**Collected data entries**

· · · · · · ·

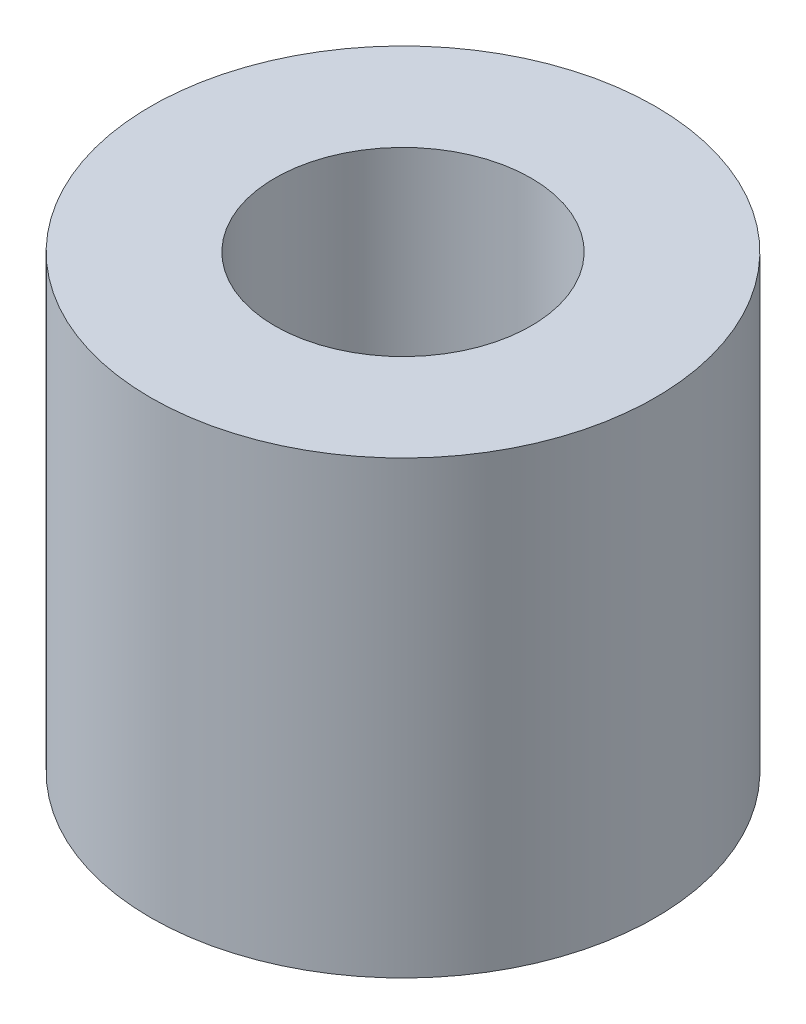
ISO-10303-21;
HEADER;
FILE_DESCRIPTION(('STEP AP214'),'2;1');
FILE_NAME('part.step','',(''),(''),'','','');
FILE_SCHEMA(('AUTOMOTIVE_DESIGN { 1 0 10303 214 1 1 1 1 }'));
ENDSEC;
DATA;
#1=APPLICATION_CONTEXT('core data for automotive mechanical design processes');
#2=APPLICATION_PROTOCOL_DEFINITION('international standard','automotive_design',2000,#1);
#3=PRODUCT_CONTEXT('',#1,'mechanical');
#4=PRODUCT('Part','Part','',(#3));
#5=PRODUCT_RELATED_PRODUCT_CATEGORY('part','',(#4));
#6=PRODUCT_DEFINITION_FORMATION('','',#4);
#7=PRODUCT_DEFINITION_CONTEXT('part definition',#1,'design');
#8=PRODUCT_DEFINITION('design','',#6,#7);
#9=PRODUCT_DEFINITION_SHAPE('','',#8);
#10=(LENGTH_UNIT() NAMED_UNIT(*) SI_UNIT(.MILLI.,.METRE.));
#11=(NAMED_UNIT(*) PLANE_ANGLE_UNIT() SI_UNIT($,.RADIAN.));
#12=(NAMED_UNIT(*) SI_UNIT($,.STERADIAN.) SOLID_ANGLE_UNIT());
#13=UNCERTAINTY_MEASURE_WITH_UNIT(LENGTH_MEASURE(1.E-05),#10,'distance_accuracy_value','');
#14=(GEOMETRIC_REPRESENTATION_CONTEXT(3) GLOBAL_UNCERTAINTY_ASSIGNED_CONTEXT((#13)) GLOBAL_UNIT_ASSIGNED_CONTEXT((#10,
#11,#12)) REPRESENTATION_CONTEXT('',''));
#15=CARTESIAN_POINT('',(0.,0.,0.));
#16=DIRECTION('',(0.,0.,1.));
#17=DIRECTION('',(1.,0.,0.));
#18=AXIS2_PLACEMENT_3D('',#15,#16,#17);
#19=CARTESIAN_POINT('',(0.,5.8,0.));
#20=DIRECTION('',(0.,1.,0.));
#21=DIRECTION('',(0.,0.,1.));
#22=AXIS2_PLACEMENT_3D('',#19,#20,#21);
#23=PLANE('',#22);
#24=CARTESIAN_POINT('',(0.,5.8,0.));
#25=DIRECTION('',(0.,1.,0.));
#26=DIRECTION('',(0.,0.,1.));
#27=AXIS2_PLACEMENT_3D('',#24,#25,#26);
#28=CIRCLE('',#27,3.25);
#29=CARTESIAN_POINT('',(0.,5.8,3.25));
#30=VERTEX_POINT('',#29);
#31=EDGE_CURVE('E10',#30,#30,#28,.T.);
#32=ORIENTED_EDGE('',*,*,#31,.T.);
#33=EDGE_LOOP('',(#32));
#34=FACE_BOUND('',#33,.T.);
#35=CARTESIAN_POINT('',(0.,5.8,0.));
#36=DIRECTION('',(0.,1.,0.));
#37=DIRECTION('',(0.,0.,1.));
#38=AXIS2_PLACEMENT_3D('',#35,#36,#37);
#39=CIRCLE('',#38,1.65);
#40=CARTESIAN_POINT('',(0.,5.8,1.65));
#41=VERTEX_POINT('',#40);
#42=EDGE_CURVE('E44',#41,#41,#39,.T.);
#43=ORIENTED_EDGE('',*,*,#42,.F.);
#44=EDGE_LOOP('',(#43));
#45=FACE_BOUND('',#44,.T.);
#46=ADVANCED_FACE('F33',(#34,#45),#23,.T.);
#47=CARTESIAN_POINT('',(0.,0.,0.));
#48=DIRECTION('',(0.,1.,0.));
#49=DIRECTION('',(0.,0.,1.));
#50=AXIS2_PLACEMENT_3D('',#47,#48,#49);
#51=PLANE('',#50);
#52=CARTESIAN_POINT('',(0.,0.,0.));
#53=DIRECTION('',(0.,1.,0.));
#54=DIRECTION('',(0.,0.,1.));
#55=AXIS2_PLACEMENT_3D('',#52,#53,#54);
#56=CIRCLE('',#55,3.25);
#57=CARTESIAN_POINT('',(0.,0.,3.25));
#58=VERTEX_POINT('',#57);
#59=EDGE_CURVE('E37',#58,#58,#56,.T.);
#60=ORIENTED_EDGE('',*,*,#59,.F.);
#61=EDGE_LOOP('',(#60));
#62=FACE_BOUND('',#61,.T.);
#63=CARTESIAN_POINT('',(0.,0.,0.));
#64=DIRECTION('',(0.,1.,0.));
#65=DIRECTION('',(0.,0.,1.));
#66=AXIS2_PLACEMENT_3D('',#63,#64,#65);
#67=CIRCLE('',#66,1.65);
#68=CARTESIAN_POINT('',(0.,0.,1.65));
#69=VERTEX_POINT('',#68);
#70=EDGE_CURVE('E46',#69,#69,#67,.T.);
#71=ORIENTED_EDGE('',*,*,#70,.T.);
#72=EDGE_LOOP('',(#71));
#73=FACE_BOUND('',#72,.T.);
#74=ADVANCED_FACE('F56',(#62,#73),#51,.F.);
#75=CARTESIAN_POINT('',(0.,5.8,0.));
#76=DIRECTION('',(0.,-1.,0.));
#77=DIRECTION('',(0.,0.,-1.));
#78=AXIS2_PLACEMENT_3D('',#75,#76,#77);
#79=CYLINDRICAL_SURFACE('',#78,3.25);
#80=ORIENTED_EDGE('',*,*,#31,.F.);
#81=EDGE_LOOP('',(#80));
#82=FACE_BOUND('',#81,.T.);
#83=ORIENTED_EDGE('',*,*,#59,.T.);
#84=EDGE_LOOP('',(#83));
#85=FACE_BOUND('',#84,.T.);
#86=ADVANCED_FACE('F35',(#82,#85),#79,.T.);
#87=CARTESIAN_POINT('',(0.,5.8,0.));
#88=DIRECTION('',(0.,-1.,0.));
#89=DIRECTION('',(0.,0.,-1.));
#90=AXIS2_PLACEMENT_3D('',#87,#88,#89);
#91=CYLINDRICAL_SURFACE('',#90,1.65);
#92=ORIENTED_EDGE('',*,*,#42,.T.);
#93=EDGE_LOOP('',(#92));
#94=FACE_BOUND('',#93,.T.);
#95=ORIENTED_EDGE('',*,*,#70,.F.);
#96=EDGE_LOOP('',(#95));
#97=FACE_BOUND('',#96,.T.);
#98=ADVANCED_FACE('F52',(#94,#97),#91,.F.);
#99=CLOSED_SHELL('',(#46,#74,#86,#98));
#100=MANIFOLD_SOLID_BREP('B2',#99);
#101=ADVANCED_BREP_SHAPE_REPRESENTATION('',(#18,#100),#14);
#102=SHAPE_DEFINITION_REPRESENTATION(#9,#101);
ENDSEC;
END-ISO-10303-21;

· · · · · · ·

Generate a word-for-word copy of the preceding records, excluding all pictures.

ISO-10303-21;
HEADER;
FILE_DESCRIPTION(('STEP AP214'),'2;1');
FILE_NAME('part.step','',(''),(''),'','','');
FILE_SCHEMA(('AUTOMOTIVE_DESIGN { 1 0 10303 214 1 1 1 1 }'));
ENDSEC;
DATA;
#1=APPLICATION_CONTEXT('core data for automotive mechanical design processes');
#2=APPLICATION_PROTOCOL_DEFINITION('international standard','automotive_design',2000,#1);
#3=PRODUCT_CONTEXT('',#1,'mechanical');
#4=PRODUCT('Part','Part','',(#3));
#5=PRODUCT_RELATED_PRODUCT_CATEGORY('part','',(#4));
#6=PRODUCT_DEFINITION_FORMATION('','',#4);
#7=PRODUCT_DEFINITION_CONTEXT('part definition',#1,'design');
#8=PRODUCT_DEFINITION('design','',#6,#7);
#9=PRODUCT_DEFINITION_SHAPE('','',#8);
#10=(LENGTH_UNIT() NAMED_UNIT(*) SI_UNIT(.MILLI.,.METRE.));
#11=(NAMED_UNIT(*) PLANE_ANGLE_UNIT() SI_UNIT($,.RADIAN.));
#12=(NAMED_UNIT(*) SI_UNIT($,.STERADIAN.) SOLID_ANGLE_UNIT());
#13=UNCERTAINTY_MEASURE_WITH_UNIT(LENGTH_MEASURE(1.E-05),#10,'distance_accuracy_value','');
#14=(GEOMETRIC_REPRESENTATION_CONTEXT(3) GLOBAL_UNCERTAINTY_ASSIGNED_CONTEXT((#13)) GLOBAL_UNIT_ASSIGNED_CONTEXT((#10,
#11,#12)) REPRESENTATION_CONTEXT('',''));
#15=CARTESIAN_POINT('',(0.,0.,0.));
#16=DIRECTION('',(0.,0.,1.));
#17=DIRECTION('',(1.,0.,0.));
#18=AXIS2_PLACEMENT_3D('',#15,#16,#17);
#19=CARTESIAN_POINT('',(0.,5.8,0.));
#20=DIRECTION('',(0.,1.,0.));
#21=DIRECTION('',(0.,0.,1.));
#22=AXIS2_PLACEMENT_3D('',#19,#20,#21);
#23=PLANE('',#22);
#24=CARTESIAN_POINT('',(0.,5.8,0.));
#25=DIRECTION('',(0.,1.,0.));
#26=DIRECTION('',(0.,0.,1.));
#27=AXIS2_PLACEMENT_3D('',#24,#25,#26);
#28=CIRCLE('',#27,3.25);
#29=CARTESIAN_POINT('',(0.,5.8,3.25));
#30=VERTEX_POINT('',#29);
#31=EDGE_CURVE('E10',#30,#30,#28,.T.);
#32=ORIENTED_EDGE('',*,*,#31,.T.);
#33=EDGE_LOOP('',(#32));
#34=FACE_BOUND('',#33,.T.);
#35=CARTESIAN_POINT('',(0.,5.8,0.));
#36=DIRECTION('',(0.,1.,0.));
#37=DIRECTION('',(0.,0.,1.));
#38=AXIS2_PLACEMENT_3D('',#35,#36,#37);
#39=CIRCLE('',#38,1.65);
#40=CARTESIAN_POINT('',(0.,5.8,1.65));
#41=VERTEX_POINT('',#40);
#42=EDGE_CURVE('E44',#41,#41,#39,.T.);
#43=ORIENTED_EDGE('',*,*,#42,.F.);
#44=EDGE_LOOP('',(#43));
#45=FACE_BOUND('',#44,.T.);
#46=ADVANCED_FACE('F33',(#34,#45),#23,.T.);
#47=CARTESIAN_POINT('',(0.,0.,0.));
#48=DIRECTION('',(0.,1.,0.));
#49=DIRECTION('',(0.,0.,1.));
#50=AXIS2_PLACEMENT_3D('',#47,#48,#49);
#51=PLANE('',#50);
#52=CARTESIAN_POINT('',(0.,0.,0.));
#53=DIRECTION('',(0.,1.,0.));
#54=DIRECTION('',(0.,0.,1.));
#55=AXIS2_PLACEMENT_3D('',#52,#53,#54);
#56=CIRCLE('',#55,3.25);
#57=CARTESIAN_POINT('',(0.,0.,3.25));
#58=VERTEX_POINT('',#57);
#59=EDGE_CURVE('E37',#58,#58,#56,.T.);
#60=ORIENTED_EDGE('',*,*,#59,.F.);
#61=EDGE_LOOP('',(#60));
#62=FACE_BOUND('',#61,.T.);
#63=CARTESIAN_POINT('',(0.,0.,0.));
#64=DIRECTION('',(0.,1.,0.));
#65=DIRECTION('',(0.,0.,1.));
#66=AXIS2_PLACEMENT_3D('',#63,#64,#65);
#67=CIRCLE('',#66,1.65);
#68=CARTESIAN_POINT('',(0.,0.,1.65));
#69=VERTEX_POINT('',#68);
#70=EDGE_CURVE('E46',#69,#69,#67,.T.);
#71=ORIENTED_EDGE('',*,*,#70,.T.);
#72=EDGE_LOOP('',(#71));
#73=FACE_BOUND('',#72,.T.);
#74=ADVANCED_FACE('F56',(#62,#73),#51,.F.);
#75=CARTESIAN_POINT('',(0.,5.8,0.));
#76=DIRECTION('',(0.,-1.,0.));
#77=DIRECTION('',(0.,0.,-1.));
#78=AXIS2_PLACEMENT_3D('',#75,#76,#77);
#79=CYLINDRICAL_SURFACE('',#78,3.25);
#80=ORIENTED_EDGE('',*,*,#31,.F.);
#81=EDGE_LOOP('',(#80));
#82=FACE_BOUND('',#81,.T.);
#83=ORIENTED_EDGE('',*,*,#59,.T.);
#84=EDGE_LOOP('',(#83));
#85=FACE_BOUND('',#84,.T.);
#86=ADVANCED_FACE('F35',(#82,#85),#79,.T.);
#87=CARTESIAN_POINT('',(0.,5.8,0.));
#88=DIRECTION('',(0.,-1.,0.));
#89=DIRECTION('',(0.,0.,-1.));
#90=AXIS2_PLACEMENT_3D('',#87,#88,#89);
#91=CYLINDRICAL_SURFACE('',#90,1.65);
#92=ORIENTED_EDGE('',*,*,#42,.T.);
#93=EDGE_LOOP('',(#92));
#94=FACE_BOUND('',#93,.T.);
#95=ORIENTED_EDGE('',*,*,#70,.F.);
#96=EDGE_LOOP('',(#95));
#97=FACE_BOUND('',#96,.T.);
#98=ADVANCED_FACE('F52',(#94,#97),#91,.F.);
#99=CLOSED_SHELL('',(#46,#74,#86,#98));
#100=MANIFOLD_SOLID_BREP('B2',#99);
#101=ADVANCED_BREP_SHAPE_REPRESENTATION('',(#18,#100),#14);
#102=SHAPE_DEFINITION_REPRESENTATION(#9,#101);
ENDSEC;
END-ISO-10303-21;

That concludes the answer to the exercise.